The evolution of cryptographic products, from speculative bets to strategic assets


In the cryptography of today’s advisors, Dovile Silenskyte de Wisdomtree talks about the growth of cryptographic products and how they have become a strategic investment allocation.

Then, Kim Klemballa de Coinndesk Answer questions about reference points and digital asset trends in Ask to Expert.

– Sarah Morton


You are reading Crypto for Advisors, the Coindesk Weekly Bulletin that unpacks digital assets for financial advisors. Subscribe here to get it every Thursday.


The evolution of cryptographic products, from speculative bets to strategic assets

Crypto is no longer the “Wild West” of investment. Once fired as mere speculative bets, digital assets have matured in a credible and increasingly strategic component of institutional portfolios.

Figure 1: Global assets under management (AUM) in physical cryptography ETP

Global assets under administration in physical cryptography ETP

Source: Bloomberg, Wisdomtree. April 1, 2025. Historical performance is not an indication of future performance and any investment can decrease in value.

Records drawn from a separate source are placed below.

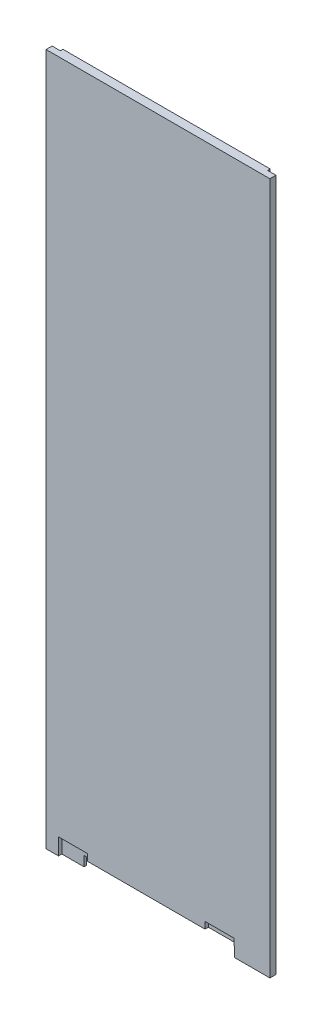
ISO-10303-21;
HEADER;
FILE_DESCRIPTION(('STEP AP214'),'2;1');
FILE_NAME('part.step','',(''),(''),'','','');
FILE_SCHEMA(('AUTOMOTIVE_DESIGN { 1 0 10303 214 1 1 1 1 }'));
ENDSEC;
DATA;
#1=APPLICATION_CONTEXT('core data for automotive mechanical design processes');
#2=APPLICATION_PROTOCOL_DEFINITION('international standard','automotive_design',2000,#1);
#3=PRODUCT_CONTEXT('',#1,'mechanical');
#4=PRODUCT('Part','Part','',(#3));
#5=PRODUCT_RELATED_PRODUCT_CATEGORY('part','',(#4));
#6=PRODUCT_DEFINITION_FORMATION('','',#4);
#7=PRODUCT_DEFINITION_CONTEXT('part definition',#1,'design');
#8=PRODUCT_DEFINITION('design','',#6,#7);
#9=PRODUCT_DEFINITION_SHAPE('','',#8);
#10=(LENGTH_UNIT() NAMED_UNIT(*) SI_UNIT(.MILLI.,.METRE.));
#11=(NAMED_UNIT(*) PLANE_ANGLE_UNIT() SI_UNIT($,.RADIAN.));
#12=(NAMED_UNIT(*) SI_UNIT($,.STERADIAN.) SOLID_ANGLE_UNIT());
#13=UNCERTAINTY_MEASURE_WITH_UNIT(LENGTH_MEASURE(1.E-05),#10,'distance_accuracy_value','');
#14=(GEOMETRIC_REPRESENTATION_CONTEXT(3) GLOBAL_UNCERTAINTY_ASSIGNED_CONTEXT((#13)) GLOBAL_UNIT_ASSIGNED_CONTEXT((#10,
#11,#12)) REPRESENTATION_CONTEXT('',''));
#15=CARTESIAN_POINT('',(0.,0.,0.));
#16=DIRECTION('',(0.,0.,1.));
#17=DIRECTION('',(1.,0.,0.));
#18=AXIS2_PLACEMENT_3D('',#15,#16,#17);
#19=CARTESIAN_POINT('',(54.,-167.,2.921));
#20=DIRECTION('',(0.,1.,0.));
#21=DIRECTION('',(0.,0.,1.));
#22=AXIS2_PLACEMENT_3D('',#19,#20,#21);
#23=PLANE('',#22);
#24=DIRECTION('',(1.,0.,0.));
#25=VECTOR('',#24,1.);
#26=CARTESIAN_POINT('',(-48.,-167.,1.31280493339982));
#27=LINE('',#26,#25);
#28=CARTESIAN_POINT('',(-48.,-167.,1.31280493339982));
#29=VERTEX_POINT('',#28);
#30=CARTESIAN_POINT('',(-37.32,-167.,1.31280493339982));
#31=VERTEX_POINT('',#30);
#32=EDGE_CURVE('E230',#29,#31,#27,.T.);
#33=ORIENTED_EDGE('',*,*,#32,.F.);
#34=DIRECTION('',(0.,0.,-1.));
#35=VECTOR('',#34,1.);
#36=CARTESIAN_POINT('',(-48.,-167.,2.921));
#37=LINE('',#36,#35);
#38=CARTESIAN_POINT('',(-48.,-167.,2.921));
#39=VERTEX_POINT('',#38);
#40=EDGE_CURVE('E240',#39,#29,#37,.T.);
#41=ORIENTED_EDGE('',*,*,#40,.F.);
#42=DIRECTION('',(1.,0.,0.));
#43=VECTOR('',#42,1.);
#44=CARTESIAN_POINT('',(54.,-167.,2.921));
#45=LINE('',#44,#43);
#46=CARTESIAN_POINT('',(-54.,-167.,2.921));
#47=VERTEX_POINT('',#46);
#48=EDGE_CURVE('E285',#47,#39,#45,.T.);
#49=ORIENTED_EDGE('',*,*,#48,.F.);
#50=DIRECTION('',(0.,0.,-1.));
#51=VECTOR('',#50,1.);
#52=CARTESIAN_POINT('',(-54.,-167.,2.921));
#53=LINE('',#52,#51);
#54=CARTESIAN_POINT('',(-54.,-167.,0.));
#55=VERTEX_POINT('',#54);
#56=EDGE_CURVE('E311',#47,#55,#53,.T.);
#57=ORIENTED_EDGE('',*,*,#56,.T.);
#58=DIRECTION('',(1.,0.,0.));
#59=VECTOR('',#58,1.);
#60=CARTESIAN_POINT('',(54.,-167.,0.));
#61=LINE('',#60,#59);
#62=CARTESIAN_POINT('',(-37.32,-167.,0.));
#63=VERTEX_POINT('',#62);
#64=EDGE_CURVE('E296',#55,#63,#61,.T.);
#65=ORIENTED_EDGE('',*,*,#64,.T.);
#66=DIRECTION('',(0.,0.,1.));
#67=VECTOR('',#66,1.);
#68=CARTESIAN_POINT('',(-37.32,-167.,0.));
#69=LINE('',#68,#67);
#70=EDGE_CURVE('E264',#63,#31,#69,.T.);
#71=ORIENTED_EDGE('',*,*,#70,.T.);
#72=EDGE_LOOP('',(#33,#41,#49,#57,#65,#71));
#73=FACE_BOUND('',#72,.T.);
#74=ADVANCED_FACE('F33',(#73),#23,.F.);
#75=CARTESIAN_POINT('',(-54.,167.,2.921));
#76=DIRECTION('',(1.,0.,0.));
#77=DIRECTION('',(0.,1.,0.));
#78=AXIS2_PLACEMENT_3D('',#75,#76,#77);
#79=PLANE('',#78);
#80=DIRECTION('',(0.,-1.,0.));
#81=VECTOR('',#80,1.);
#82=CARTESIAN_POINT('',(-54.,167.,0.));
#83=LINE('',#82,#81);
#84=CARTESIAN_POINT('',(-54.,167.,0.));
#85=VERTEX_POINT('',#84);
#86=EDGE_CURVE('E273',#85,#55,#83,.T.);
#87=ORIENTED_EDGE('',*,*,#86,.T.);
#88=ORIENTED_EDGE('',*,*,#56,.F.);
#89=DIRECTION('',(0.,-1.,0.));
#90=VECTOR('',#89,1.);
#91=CARTESIAN_POINT('',(-54.,167.,2.921));
#92=LINE('',#91,#90);
#93=CARTESIAN_POINT('',(-54.,167.,2.921));
#94=VERTEX_POINT('',#93);
#95=EDGE_CURVE('E280',#94,#47,#92,.T.);
#96=ORIENTED_EDGE('',*,*,#95,.F.);
#97=DIRECTION('',(0.,0.,-1.));
#98=VECTOR('',#97,1.);
#99=CARTESIAN_POINT('',(-54.,167.,2.921));
#100=LINE('',#99,#98);
#101=EDGE_CURVE('E292',#94,#85,#100,.T.);
#102=ORIENTED_EDGE('',*,*,#101,.T.);
#103=EDGE_LOOP('',(#87,#88,#96,#102));
#104=FACE_BOUND('',#103,.T.);
#105=ADVANCED_FACE('F35',(#104),#79,.F.);
#106=CARTESIAN_POINT('',(36.88,-167.,2.921));
#107=VERTEX_POINT('',#106);
#108=CARTESIAN_POINT('',(54.,-167.,2.921));
#109=VERTEX_POINT('',#108);
#110=EDGE_CURVE('E283',#107,#109,#45,.T.);
#111=ORIENTED_EDGE('',*,*,#110,.F.);
#112=DIRECTION('',(0.,0.,1.));
#113=VECTOR('',#112,1.);
#114=CARTESIAN_POINT('',(36.88,-167.,0.));
#115=LINE('',#114,#113);
#116=CARTESIAN_POINT('',(36.88,-167.,0.));
#117=VERTEX_POINT('',#116);
#118=EDGE_CURVE('E276',#117,#107,#115,.T.);
#119=ORIENTED_EDGE('',*,*,#118,.F.);
#120=CARTESIAN_POINT('',(54.,-167.,0.));
#121=VERTEX_POINT('',#120);
#122=EDGE_CURVE('E295',#117,#121,#61,.T.);
#123=ORIENTED_EDGE('',*,*,#122,.T.);
#124=DIRECTION('',(0.,0.,-1.));
#125=VECTOR('',#124,1.);
#126=CARTESIAN_POINT('',(54.,-167.,2.921));
#127=LINE('',#126,#125);
#128=EDGE_CURVE('E308',#109,#121,#127,.T.);
#129=ORIENTED_EDGE('',*,*,#128,.F.);
#130=EDGE_LOOP('',(#111,#119,#123,#129));
#131=FACE_BOUND('',#130,.T.);
#132=ADVANCED_FACE('F369',(#131),#23,.F.);
#133=CARTESIAN_POINT('',(54.,167.,2.921));
#134=DIRECTION('',(-1.,0.,0.));
#135=DIRECTION('',(0.,-1.,0.));
#136=AXIS2_PLACEMENT_3D('',#133,#134,#135);
#137=PLANE('',#136);
#138=DIRECTION('',(0.,1.,0.));
#139=VECTOR('',#138,1.);
#140=CARTESIAN_POINT('',(54.,167.,0.));
#141=LINE('',#140,#139);
#142=CARTESIAN_POINT('',(54.,167.,0.));
#143=VERTEX_POINT('',#142);
#144=EDGE_CURVE('E299',#121,#143,#141,.T.);
#145=ORIENTED_EDGE('',*,*,#144,.T.);
#146=DIRECTION('',(0.,0.,-1.));
#147=VECTOR('',#146,1.);
#148=CARTESIAN_POINT('',(54.,167.,2.921));
#149=LINE('',#148,#147);
#150=CARTESIAN_POINT('',(54.,167.,2.921));
#151=VERTEX_POINT('',#150);
#152=EDGE_CURVE('E305',#151,#143,#149,.T.);
#153=ORIENTED_EDGE('',*,*,#152,.F.);
#154=DIRECTION('',(0.,1.,0.));
#155=VECTOR('',#154,1.);
#156=CARTESIAN_POINT('',(54.,167.,2.921));
#157=LINE('',#156,#155);
#158=EDGE_CURVE('E288',#109,#151,#157,.T.);
#159=ORIENTED_EDGE('',*,*,#158,.F.);
#160=ORIENTED_EDGE('',*,*,#128,.T.);
#161=EDGE_LOOP('',(#145,#153,#159,#160));
#162=FACE_BOUND('',#161,.T.);
#163=ADVANCED_FACE('F372',(#162),#137,.F.);
#164=CARTESIAN_POINT('',(54.,167.,2.921));
#165=DIRECTION('',(0.,-1.,0.));
#166=DIRECTION('',(0.,0.,-1.));
#167=AXIS2_PLACEMENT_3D('',#164,#165,#166);
#168=PLANE('',#167);
#169=DIRECTION('',(-1.,0.,0.));
#170=VECTOR('',#169,1.);
#171=CARTESIAN_POINT('',(54.,167.,0.));
#172=LINE('',#171,#170);
#173=CARTESIAN_POINT('',(50.,167.,0.));
#174=VERTEX_POINT('',#173);
#175=EDGE_CURVE('E284',#143,#174,#172,.T.);
#176=ORIENTED_EDGE('',*,*,#175,.T.);
#177=DIRECTION('',(0.,0.,-1.));
#178=VECTOR('',#177,1.);
#179=CARTESIAN_POINT('',(50.,167.,0.));
#180=LINE('',#179,#178);
#181=CARTESIAN_POINT('',(50.,167.,-1.25));
#182=VERTEX_POINT('',#181);
#183=EDGE_CURVE('E48',#174,#182,#180,.T.);
#184=ORIENTED_EDGE('',*,*,#183,.T.);
#185=DIRECTION('',(-1.,0.,0.));
#186=VECTOR('',#185,1.);
#187=CARTESIAN_POINT('',(-50.,167.,-1.25));
#188=LINE('',#187,#186);
#189=CARTESIAN_POINT('',(-50.,167.,-1.25));
#190=VERTEX_POINT('',#189);
#191=EDGE_CURVE('E188',#182,#190,#188,.T.);
#192=ORIENTED_EDGE('',*,*,#191,.T.);
#193=DIRECTION('',(0.,0.,1.));
#194=VECTOR('',#193,1.);
#195=CARTESIAN_POINT('',(-50.,167.,0.));
#196=LINE('',#195,#194);
#197=CARTESIAN_POINT('',(-50.,167.,0.));
#198=VERTEX_POINT('',#197);
#199=EDGE_CURVE('E563',#190,#198,#196,.T.);
#200=ORIENTED_EDGE('',*,*,#199,.T.);
#201=EDGE_CURVE('E193',#198,#85,#172,.T.);
#202=ORIENTED_EDGE('',*,*,#201,.T.);
#203=ORIENTED_EDGE('',*,*,#101,.F.);
#204=DIRECTION('',(-1.,0.,0.));
#205=VECTOR('',#204,1.);
#206=CARTESIAN_POINT('',(54.,167.,2.921));
#207=LINE('',#206,#205);
#208=EDGE_CURVE('E290',#151,#94,#207,.T.);
#209=ORIENTED_EDGE('',*,*,#208,.F.);
#210=ORIENTED_EDGE('',*,*,#152,.T.);
#211=EDGE_LOOP('',(#176,#184,#192,#200,#202,#203,#209,#210));
#212=FACE_BOUND('',#211,.T.);
#213=ADVANCED_FACE('F379',(#212),#168,.F.);
#214=CARTESIAN_POINT('',(0.,0.,2.921));
#215=DIRECTION('',(0.,0.,-1.));
#216=DIRECTION('',(-1.,0.,0.));
#217=AXIS2_PLACEMENT_3D('',#214,#215,#216);
#218=PLANE('',#217);
#219=DIRECTION('',(-1.,0.,0.));
#220=VECTOR('',#219,1.);
#221=CARTESIAN_POINT('',(36.6829971722449,-159.,2.921));
#222=LINE('',#221,#220);
#223=CARTESIAN_POINT('',(36.6829971722449,-159.,2.921));
#224=VERTEX_POINT('',#223);
#225=CARTESIAN_POINT('',(22.6829971722449,-159.,2.921));
#226=VERTEX_POINT('',#225);
#227=EDGE_CURVE('E205',#224,#226,#222,.T.);
#228=ORIENTED_EDGE('',*,*,#227,.F.);
#229=DIRECTION('',(0.,-1.,0.));
#230=VECTOR('',#229,1.);
#231=CARTESIAN_POINT('',(36.6829971722449,-159.,2.921));
#232=LINE('',#231,#230);
#233=CARTESIAN_POINT('',(36.6829971722449,-162.24924483,2.921));
#234=VERTEX_POINT('',#233);
#235=EDGE_CURVE('E215',#224,#234,#232,.T.);
#236=ORIENTED_EDGE('',*,*,#235,.T.);
#237=DIRECTION('',(-1.,0.,0.));
#238=VECTOR('',#237,1.);
#239=CARTESIAN_POINT('',(-37.32,-162.24924483,2.921));
#240=LINE('',#239,#238);
#241=CARTESIAN_POINT('',(36.88,-162.24924483,2.921));
#242=VERTEX_POINT('',#241);
#243=EDGE_CURVE('E258',#242,#234,#240,.T.);
#244=ORIENTED_EDGE('',*,*,#243,.F.);
#245=DIRECTION('',(0.,1.,0.));
#246=VECTOR('',#245,1.);
#247=CARTESIAN_POINT('',(36.88,-167.,2.921));
#248=LINE('',#247,#246);
#249=EDGE_CURVE('E253',#107,#242,#248,.T.);
#250=ORIENTED_EDGE('',*,*,#249,.F.);
#251=ORIENTED_EDGE('',*,*,#110,.T.);
#252=ORIENTED_EDGE('',*,*,#158,.T.);
#253=ORIENTED_EDGE('',*,*,#208,.T.);
#254=ORIENTED_EDGE('',*,*,#95,.T.);
#255=ORIENTED_EDGE('',*,*,#48,.T.);
#256=DIRECTION('',(0.,-1.,0.));
#257=VECTOR('',#256,1.);
#258=CARTESIAN_POINT('',(-48.,-159.,2.921));
#259=LINE('',#258,#257);
#260=CARTESIAN_POINT('',(-48.,-159.,2.921));
#261=VERTEX_POINT('',#260);
#262=EDGE_CURVE('E206',#261,#39,#259,.T.);
#263=ORIENTED_EDGE('',*,*,#262,.F.);
#264=DIRECTION('',(-1.,0.,0.));
#265=VECTOR('',#264,1.);
#266=CARTESIAN_POINT('',(-48.,-159.,2.921));
#267=LINE('',#266,#265);
#268=CARTESIAN_POINT('',(-34.,-159.,2.921));
#269=VERTEX_POINT('',#268);
#270=EDGE_CURVE('E236',#269,#261,#267,.T.);
#271=ORIENTED_EDGE('',*,*,#270,.F.);
#272=DIRECTION('',(0.,-1.,0.));
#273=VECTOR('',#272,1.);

At the end of the first quarter of 2025, global assets under administration (AUM) in physical -contained products (ETP) were greater than $ 100 billion. That figure indicates the deep and sustained conviction of institutional investors, which means that this is no longer only the scope of the first users. Today, sovereign wealth funds, pension plans and asset administrators are being assigned to crypt at scale.

After more than 15 years of development, multiple cycles of boom and fall and a basis of global users that exceed half a billion people, Crypto has shown that it is not an approved trend. Bitcoin has emerged as a cryptographic macro asset: scarce, decentralized and increasingly positioned as a nucleus that is expected within the diversified portfolios of multiple assets.

But here is the capture: cryptographic assignments are not yet fun.

Despite the growing adoption, most cryptographic portfolios remain closely concentrated in Bitcoin. That is an inherited mentality and one that is fundamentally defective. Investors would not assign their entire capital exhibition to Apple, nor would they trust a single bonus to represent the fixed income. However, that is precisely how many they still treat cryptography.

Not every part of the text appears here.